DATA TO PROCESS
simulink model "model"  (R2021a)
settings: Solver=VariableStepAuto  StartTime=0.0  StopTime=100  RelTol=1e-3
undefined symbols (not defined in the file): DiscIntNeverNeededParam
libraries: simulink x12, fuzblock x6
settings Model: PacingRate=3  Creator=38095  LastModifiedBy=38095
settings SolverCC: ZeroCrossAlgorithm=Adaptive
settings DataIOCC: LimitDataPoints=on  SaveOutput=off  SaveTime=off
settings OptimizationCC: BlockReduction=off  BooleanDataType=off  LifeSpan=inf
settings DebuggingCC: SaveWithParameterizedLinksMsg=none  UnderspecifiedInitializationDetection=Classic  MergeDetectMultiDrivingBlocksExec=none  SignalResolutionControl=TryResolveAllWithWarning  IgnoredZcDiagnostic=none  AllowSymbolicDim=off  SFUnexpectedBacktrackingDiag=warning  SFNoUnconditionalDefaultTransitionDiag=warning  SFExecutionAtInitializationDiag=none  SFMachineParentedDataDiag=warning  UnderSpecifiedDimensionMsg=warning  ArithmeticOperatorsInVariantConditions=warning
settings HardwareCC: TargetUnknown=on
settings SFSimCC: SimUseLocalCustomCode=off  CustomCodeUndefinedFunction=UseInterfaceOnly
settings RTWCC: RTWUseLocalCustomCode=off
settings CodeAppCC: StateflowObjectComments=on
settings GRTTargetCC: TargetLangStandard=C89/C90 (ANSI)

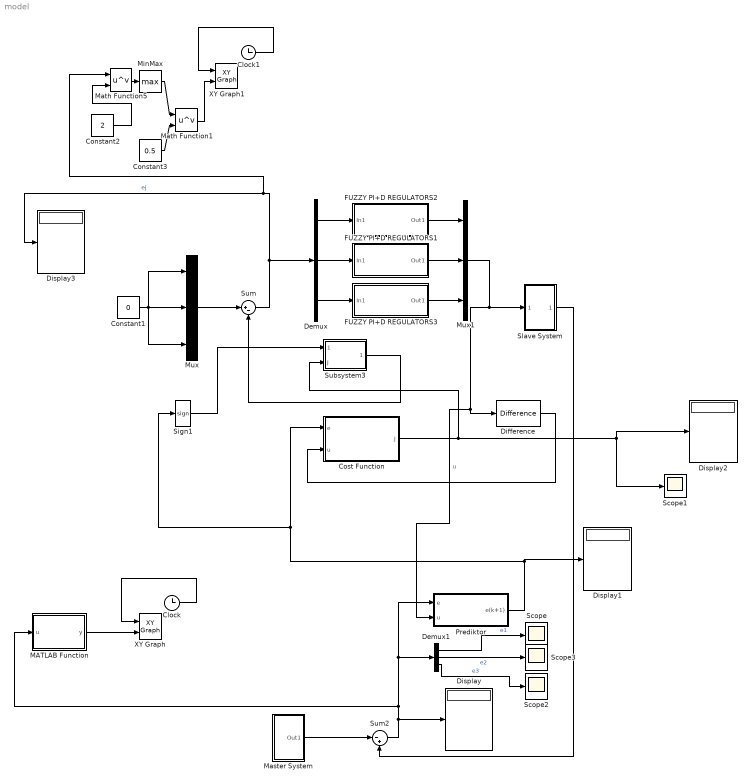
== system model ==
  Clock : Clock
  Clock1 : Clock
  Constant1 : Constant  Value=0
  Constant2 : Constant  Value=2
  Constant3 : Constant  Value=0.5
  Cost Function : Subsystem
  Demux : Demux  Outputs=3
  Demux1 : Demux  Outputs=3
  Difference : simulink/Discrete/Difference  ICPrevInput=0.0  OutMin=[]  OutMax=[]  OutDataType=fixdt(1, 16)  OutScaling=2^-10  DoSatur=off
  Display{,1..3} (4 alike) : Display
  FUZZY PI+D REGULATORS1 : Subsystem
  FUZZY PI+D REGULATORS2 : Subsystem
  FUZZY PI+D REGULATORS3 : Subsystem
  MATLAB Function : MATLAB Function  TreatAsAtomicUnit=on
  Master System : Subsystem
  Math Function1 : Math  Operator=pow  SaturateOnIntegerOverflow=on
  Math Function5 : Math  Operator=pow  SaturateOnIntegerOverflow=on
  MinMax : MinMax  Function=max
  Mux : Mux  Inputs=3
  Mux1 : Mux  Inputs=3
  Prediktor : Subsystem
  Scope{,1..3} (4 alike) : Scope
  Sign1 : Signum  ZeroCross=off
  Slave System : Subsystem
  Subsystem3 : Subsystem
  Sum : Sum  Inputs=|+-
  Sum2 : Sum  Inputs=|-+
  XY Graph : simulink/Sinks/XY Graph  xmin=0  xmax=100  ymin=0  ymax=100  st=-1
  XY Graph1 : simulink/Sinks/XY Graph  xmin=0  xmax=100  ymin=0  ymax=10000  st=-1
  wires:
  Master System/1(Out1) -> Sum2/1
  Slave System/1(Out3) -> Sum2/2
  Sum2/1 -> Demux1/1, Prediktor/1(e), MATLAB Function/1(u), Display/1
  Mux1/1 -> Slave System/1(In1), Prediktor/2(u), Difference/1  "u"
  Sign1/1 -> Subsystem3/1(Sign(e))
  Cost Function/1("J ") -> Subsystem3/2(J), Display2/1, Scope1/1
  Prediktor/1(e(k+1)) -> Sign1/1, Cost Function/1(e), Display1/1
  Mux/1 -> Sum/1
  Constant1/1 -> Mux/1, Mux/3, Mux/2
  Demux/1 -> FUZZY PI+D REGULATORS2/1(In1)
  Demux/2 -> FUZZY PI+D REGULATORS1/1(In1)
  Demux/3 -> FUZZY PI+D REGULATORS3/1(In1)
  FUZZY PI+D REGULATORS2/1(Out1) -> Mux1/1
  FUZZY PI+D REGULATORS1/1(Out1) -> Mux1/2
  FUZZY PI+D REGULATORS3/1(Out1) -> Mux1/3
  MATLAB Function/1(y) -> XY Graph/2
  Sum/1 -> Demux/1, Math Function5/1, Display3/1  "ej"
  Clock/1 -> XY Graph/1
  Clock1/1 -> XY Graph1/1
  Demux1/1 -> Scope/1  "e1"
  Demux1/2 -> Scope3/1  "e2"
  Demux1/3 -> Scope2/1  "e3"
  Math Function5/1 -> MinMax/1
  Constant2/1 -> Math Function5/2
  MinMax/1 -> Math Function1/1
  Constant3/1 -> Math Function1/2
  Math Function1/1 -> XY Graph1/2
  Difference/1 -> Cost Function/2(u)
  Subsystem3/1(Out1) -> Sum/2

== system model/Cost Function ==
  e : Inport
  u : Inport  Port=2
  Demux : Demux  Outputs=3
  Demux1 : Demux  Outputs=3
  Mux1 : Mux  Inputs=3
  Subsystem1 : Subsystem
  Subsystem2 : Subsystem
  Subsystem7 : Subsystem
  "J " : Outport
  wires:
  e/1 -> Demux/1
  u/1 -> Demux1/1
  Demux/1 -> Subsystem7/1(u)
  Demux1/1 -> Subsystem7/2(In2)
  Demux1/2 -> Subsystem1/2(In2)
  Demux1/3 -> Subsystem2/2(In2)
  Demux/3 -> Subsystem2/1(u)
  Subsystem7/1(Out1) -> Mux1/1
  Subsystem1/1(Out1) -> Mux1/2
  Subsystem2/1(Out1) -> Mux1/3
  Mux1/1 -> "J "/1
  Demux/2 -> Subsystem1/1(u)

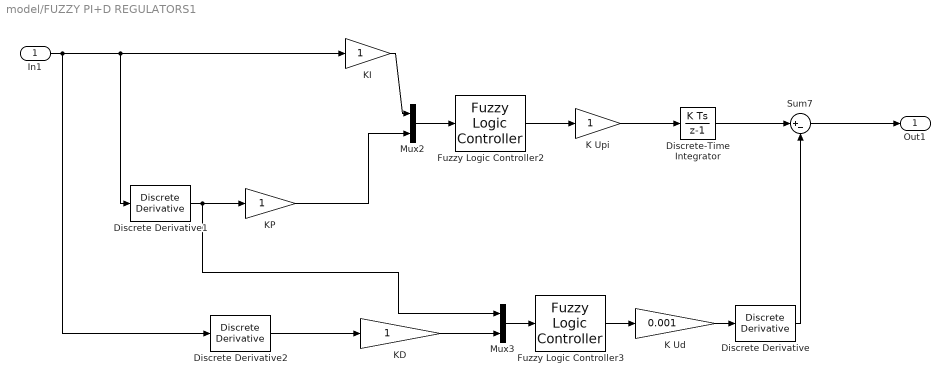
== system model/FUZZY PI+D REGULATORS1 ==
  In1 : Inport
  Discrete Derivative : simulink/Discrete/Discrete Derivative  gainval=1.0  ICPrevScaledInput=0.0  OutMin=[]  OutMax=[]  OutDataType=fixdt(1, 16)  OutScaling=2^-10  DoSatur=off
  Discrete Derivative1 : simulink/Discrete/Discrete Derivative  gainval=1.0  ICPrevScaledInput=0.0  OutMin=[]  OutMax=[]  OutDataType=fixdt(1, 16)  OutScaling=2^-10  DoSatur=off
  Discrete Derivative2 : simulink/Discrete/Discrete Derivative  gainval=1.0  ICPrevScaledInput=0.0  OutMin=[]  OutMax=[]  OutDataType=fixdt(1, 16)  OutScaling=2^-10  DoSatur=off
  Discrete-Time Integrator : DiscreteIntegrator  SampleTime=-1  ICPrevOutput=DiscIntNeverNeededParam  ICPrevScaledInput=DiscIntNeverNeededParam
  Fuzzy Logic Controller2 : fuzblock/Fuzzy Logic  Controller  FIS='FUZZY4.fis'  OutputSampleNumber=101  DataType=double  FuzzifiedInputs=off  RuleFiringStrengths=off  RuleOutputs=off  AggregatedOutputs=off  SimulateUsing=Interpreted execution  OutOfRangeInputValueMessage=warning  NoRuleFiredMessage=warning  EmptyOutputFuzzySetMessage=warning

WHAT IS EXPECTED
Examine each line of the records above and tally those with the string "xmax". State the total alone.

FINAL ANSWER
2